祁京檀的表情出现了短暂的空白。
他发现自己竟然找不到一个合适的角度,来反驳这番歪理。
梁谧已经转头冲摊主招手了。
烤摊后面守着个四十来岁的大姐,手上翻生蚝的动作又快又利索。
“美女,要几个?”
梁谧伸出一只手。
大姐上下扫了眼梁谧,又瞟了眼站在她身后那个高大的少年。视线在两人之间来回弹了一个回合。
大姐秒懂。
“好嘞,五个!”大姐冲她挤了挤眼,压低声音,“够不够?要不来十个?”
“五个先试试水。”梁谧也压低声音。
两人交换了一个心照不宣的眼神。
祁京檀在后面听得耳朵发烫。
他果断选择了转移阵地:“你还想吃什么?我去买。

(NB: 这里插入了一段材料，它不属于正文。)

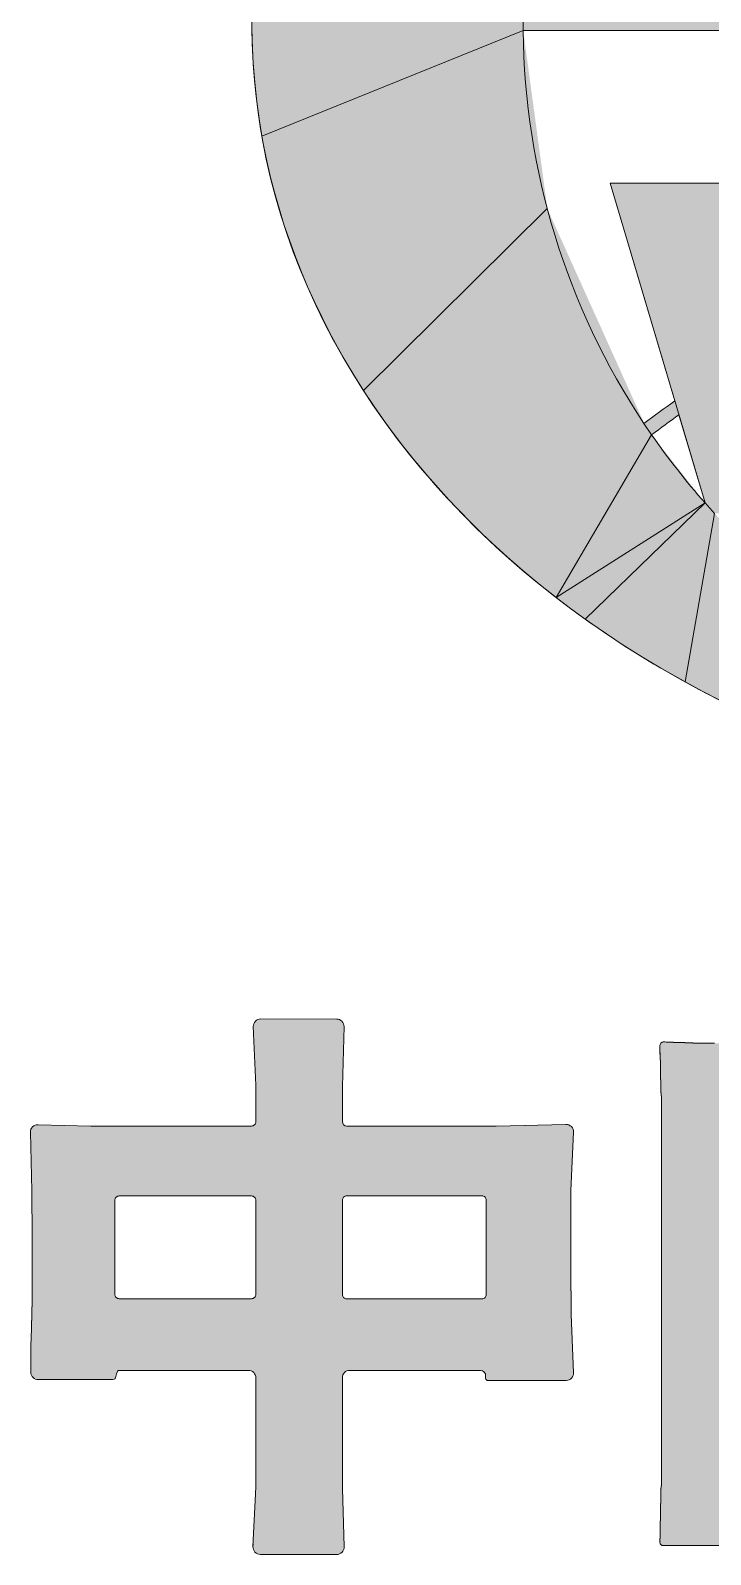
# Model space of a CAD drawing. Extents: x -2876908 to 633791, y -1383861 to 872234.
# Drawn here: x -178427 to -176160, y -1063625 to -1058545 of the extents above; entities that cross this region are included whole.
import ezdxf
from ezdxf.enums import TextEntityAlignment as Align

# ---------------------------------------------------------------- set-up
doc = ezdxf.new("R2010")
doc.units = 0
doc.header["$LTSCALE"] = 5
doc.header["$MEASUREMENT"] = 0
doc.layers.get('0').update_dxf_attribs({"linetype": 'CONTINUOUS', "lineweight": 25})
doc.layers.add('11', color=3, linetype='CONTINUOUS')
doc.layers.add('HFZT', color=5, linetype='CONTINUOUS', lineweight=15)
doc.styles.add('TSSD_NORM', font='tssdeng.shx', dxfattribs={"width": 0.7, "bigfont": 'hztxt.shx'})

# ---------------------------------------------------------------- blocks, each defined once
blk = doc.blocks.new('z')
h = blk.add_hatch(color=256)
h.paths.add_polyline_path([(296786.3, 23772.1), (296665.5, 23772.1, -0.414214), (296653.5, 23784.1), (296653.5, 23813.1), (296653.5, 23816.5), (296653.5, 23823.3), (296653.6, 23825.6), (296653.6, 23826.7), (296653.7, 23829), (296653.9, 23838.2), (296654.1, 23842.9), (296654.3, 23852.1), (296654.4, 23854.4), (296654.4, 23855.5), (296654.5, 23857.8), (296654.5, 23859.9), (296654.5, 23860.9), (296654.5, 23863), (296654.8, 23863), (296654.8, 23865), (296654.8, 23866), (296654.8, 23868.1), (296655.1, 23868.1), (296655.1, 23876.9), (296655.1, 23881.3), (296655.1, 23890.2), (296655.4, 23890.2), (296655.4, 23965.3), (296655.4, 24002.9), (296655.3, 24078), (296652.8, 24172.9, -0.429279), (296665.1, 24185.2), (296750.8, 24183), (296854.3, 24183), (296906, 24183), (297010.9, 24183, 0.414214), (297018.1, 24190.2), (297018.1, 24214.6), (297018.1, 24226), (297018.1, 24249), (297014, 24344, -0.427255), (297026, 24356.5), (297149.1, 24356.3, -0.422529), (297161.1, 24344), (297158.3, 24247), (297158.3, 24190.2, 0.413831), (297165.5, 24183), (297261.9, 24183), (297310.4, 24183), (297407.3, 24183), (297520.6, 24185.6, -0.434193), (297532.9, 24173), (297528.6, 24078.7), (297528.6, 24013.5), (297528.6, 23980.9), (297528.6, 23915.8), (297528.7, 23915.8), (297528.8, 23915.8), (297528.9, 23915.8), (297528.9, 23900.5), (297528.9, 23892.9), (297528.9, 23877.7), (297533, 23783.3, -0.427114), (297521.1, 23770.8), (297408.6, 23770.8), (297408.6, 23770.6), (297408.6, 23770.6), (297408.6, 23770.5), (297404.1, 23770.5), (297401.8, 23770.5), (297393.2, 23770.5), (297391.4, 23772.5), (297390, 23773.6), (297390, 23775.3), (297390, 23775.9), (297390, 23781.3), (297389.3, 23782.5), (297388.7, 23783.7), (297388.1, 23784.4), (297387.7, 23784.7), (297387, 23785.2), (297385.2, 23786.2), (297384.2, 23786.6), (297382.3, 23787.1), (297380.8, 23787.1), (297380, 23787.1), (297252.5, 23787.1), (297170.3, 23787.1, 0.414214), (297158.3, 23775.1), (297158.3, 23692.2), (297158.3, 23660.2), (297158.3, 23596), (297161.2, 23501.2, -0.423847), (297149.1, 23488.8), (297025.3, 23489.1, -0.427862), (297013.4, 23501.7), (297018.1, 23597.9), (297018.1, 23663.5), (297018.1, 23696.3), (297018.1, 23775.1, 0.414214), (297006.1, 23787.1), (297004.3, 23787.1), (297001.6, 23787.1), (296991.2, 23787.1), (296943.8, 23787.1), (296920.1, 23787.1), (296795.6, 23787.1), (296794.9, 23786.9), (296794.3, 23786.4), (296793.7, 23785.5), (296792.2, 23781.5), (296791.6, 23779.4), (296790.4, 23774), (296788.3, 23773)])
h.paths.add_polyline_path([(297165.5, 24070), (297260.4, 24070), (297293.3, 24070), (297384.4, 24070, -0.414214), (297391.6, 24062.8), (297391.6, 23979.3), (297391.6, 23955.6), (297391.6, 23910.2, -0.414214), (297384.4, 23903), (297252.2, 23903), (297165.5, 23903, -0.414214), (297158.3, 23910.2), (297158.3, 23960.2), (297158.3, 23984), (297158.3, 24062.8, -0.414214)], flags=16)
h.paths.add_polyline_path([(297018.1, 24062.5), (297018.1, 23977.7), (297018.1, 23954.8), (297018.1, 23910.5, -0.414214), (297010.9, 23903.3), (296796.7, 23903.3, -0.414214), (296789.5, 23910.5), (296789.5, 23973.4), (296789.5, 24001.2), (296789.5, 24062.5, -0.414214), (296796.7, 24069.7), (297010.9, 24069.7, -0.414214)], flags=16)
h = blk.add_hatch(color=256)
edge = h.paths.add_edge_path(flags=16)
edge.add_line((297796.8, 24001.5), (297796.8, 24014.7))
edge.add_line((297796.8, 24014.7), (297796.8, 24041.2))
edge.add_line((297796.8, 24041.2), (297797.1, 24105.9))
edge.add_line((297797.1, 24105.9), (297797.1, 24205.3))
edge.add_arc((297809.1, 24205.3), 12, 90, 180, ccw=False)
edge.add_line((297809.1, 24217.3), (298042.6, 24217.3))
edge.add_line((298042.6, 24217.3), (298153.4, 24217.3))
edge.add_line((298153.4, 24217.3), (298409.3, 24217.3))
edge.add_arc((298409.3, 24205.3), 12, 0, 90, ccw=False)
edge.add_line((298421.3, 24205.3), (298421.3, 23920.6))
edge.add_line((298421.3, 23920.6), (298421.3, 23885.2))
edge.add_line((298421.3, 23885.2), (298421.3, 23867.6))
edge.add_line((298421.3, 23867.6), (298421.4, 23832.2))
edge.add_line((298421.4, 23832.2), (298421.3, 23763.6))
edge.add_line((298421.3, 23763.6), (298421.3, 23729.9))
edge.add_line((298421.3, 23729.9), (298421.3, 23662.6))
edge.add_line((298421.3, 23662.6), (298421.1, 23662.6))
edge.add_line((298421.1, 23662.6), (298421.1, 23662.6))
edge.add_line((298421.1, 23662.6), (298420.9, 23662.6))
edge.add_line((298420.9, 23662.6), (298420.9, 23660))
edge.add_line((298420.9, 23660), (298420.9, 23658.8))
edge.add_line((298420.9, 23658.8), (298420.9, 23656.2))
edge.add_line((298420.9, 23656.2), (298421.1, 23656.2))
edge.add_line((298421.1, 23656.2), (298421.1, 23656.2))
edge.add_line((298421.1, 23656.2), (298421.3, 23656.2))
edge.add_line((298421.3, 23656.2), (298421.1, 23651.6))
edge.add_line((298421.1, 23651.6), (298421.2, 23649.3))
edge.add_line((298421.2, 23649.3), (298421.4, 23644.7))
edge.add_line((298421.4, 23644.7), (298421.8, 23644.3))
edge.add_line((298421.8, 23644.3), (298421.7, 23643.6))
edge.add_line((298421.7, 23643.6), (298421.3, 23643.4))
edge.add_line((298421.3, 23643.4), (298421.3, 23641.3))
edge.add_line((298421.3, 23641.3), (298421.3, 23640.3))
edge.add_line((298421.3, 23640.3), (298421.3, 23638.3))
edge.add_line((298421.3, 23638.3), (298421.4, 23637.9))
edge.add_line((298421.4, 23637.9), (298421.4, 23637.7))
edge.add_line((298421.4, 23637.7), (298421.4, 23637.3))
edge.add_line((298421.4, 23637.3), (298421.5, 23637.2))
edge.add_line((298421.5, 23637.2), (298421.4, 23637))
edge.add_line((298421.4, 23637), (298421.3, 23637))
edge.add_line((298421.3, 23637), (298421.3, 23631.2))
edge.add_line((298421.3, 23631.2), (298421.3, 23628.3))
edge.add_line((298421.3, 23628.3), (298421.3, 23622.6))
edge.add_line((298421.3, 23622.6), (298420.8, 23621.1))
edge.add_line((298420.8, 23621.1), (298420.6, 23620.3))
edge.add_line((298420.6, 23620.3), (298420.6, 23618.7))
edge.add_line((298420.6, 23618.7), (298420.1, 23617.9))
edge.add_line((298420.1, 23617.9), (298419.8, 23617.4))
edge.add_line((298419.8, 23617.4), (298419.5, 23616.5))
edge.add_line((298419.5, 23616.5), (298419.4, 23616.3))
edge.add_line((298419.4, 23616.3), (298419.5, 23616.1))
edge.add_line((298419.5, 23616.1), (298419.7, 23616))
edge.add_line((298419.7, 23616), (298419, 23615.7))
edge.add_line((298419, 23615.7), (298418.7, 23615.5))
edge.add_line((298418.7, 23615.5), (298418.2, 23614.9))
edge.add_line((298418.2, 23614.9), (298417.1, 23614.2))
edge.add_line((298417.1, 23614.2), (298416.5, 23613.9))
edge.add_line((298416.5, 23613.9), (298415.2, 23613.8))
edge.add_line((298415.2, 23613.8), (298414.8, 23613.4))
edge.add_line((298414.8, 23613.4), (298414.2, 23613.5))
edge.add_line((298414.2, 23613.5), (298413.9, 23613.9))
edge.add_line((298413.9, 23613.9), (298412.6, 23613.8))
edge.add_line((298412.6, 23613.8), (298412, 23613.8))
edge.add_line((298412, 23613.8), (298410.7, 23614.1))
edge.add_line((298410.7, 23614.1), (298409.9, 23614.6))
edge.add_line((298409.9, 23614.6), (298409.2, 23614.5))
edge.add_line((298409.2, 23614.5), (298408.5, 23613.9))
edge.add_line((298408.5, 23613.9), (298395.3, 23613.9))
edge.add_line((298395.3, 23613.9), (298388.7, 23613.9))
edge.add_line((298388.7, 23613.9), (298375.5, 23613.9))
edge.add_line((298375.5, 23613.9), (298375.5, 23614.1))
edge.add_line((298375.5, 23614.1), (298375.5, 23614.1))
edge.add_line((298375.5, 23614.1), (298375.5, 23614.3))
edge.add_line((298375.5, 23614.3), (298374.2, 23614.3))
edge.add_line((298374.2, 23614.3), (298373.6, 23614.3))
edge.add_line((298373.6, 23614.3), (298372.3, 23614.3))
edge.add_line((298372.3, 23614.3), (298372.3, 23614.1))
edge.add_line((298372.3, 23614.1), (298372.3, 23614.1))
edge.add_line((298372.3, 23614.1), (298372.3, 23613.9))
edge.add_line((298372.3, 23613.9), (298326.2, 23613.9))
edge.add_line((298326.2, 23613.9), (298303.2, 23613.9))
edge.add_line((298303.2, 23613.9), (298257.1, 23613.9))
edge.add_line((298257.1, 23613.9), (298257.1, 23614.1))
edge.add_line((298257.1, 23614.1), (298257.1, 23614.1))
edge.add_line((298257.1, 23614.1), (298257.1, 23614.3))
edge.add_line((298257.1, 23614.3), (298255.4, 23614.3))
edge.add_line((298255.4, 23614.3), (298254.6, 23614.3))
edge.add_line((298254.6, 23614.3), (298252.9, 23614.3))
edge.add_line((298252.9, 23614.3), (298252.9, 23614.1))
edge.add_line((298252.9, 23614.1), (298252.9, 23614.1))
edge.add_line((298252.9, 23614.1), (298252.9, 23613.9))
edge.add_line((298252.9, 23613.9), (298075.2, 23613.9))
edge.add_line((298075.2, 23613.9), (297986.4, 23613.9))
edge.add_line((297986.4, 23613.9), (297808.6, 23613.8))
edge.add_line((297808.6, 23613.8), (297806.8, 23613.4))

”
梁谧歪头看了一圈,指着斜对面的一个小摊:“那家卤鸡爪鸭爪不错,买点回去配啤酒。”
“等着。”
祁京檀头也不回地走了,生怕在这摊前多站一秒。
梁谧看着他逃跑的背影,乐得肩膀直抖。
大姐一边刷蒜蓉酱,一边冲祁京檀的方向努嘴:“你男朋友啊?”
“老公。”梁谧纠正。
“哟!”大姐手里的刷子顿了一下,“这么年轻就结婚了?不过,也是,那小伙子长得真俊呐。”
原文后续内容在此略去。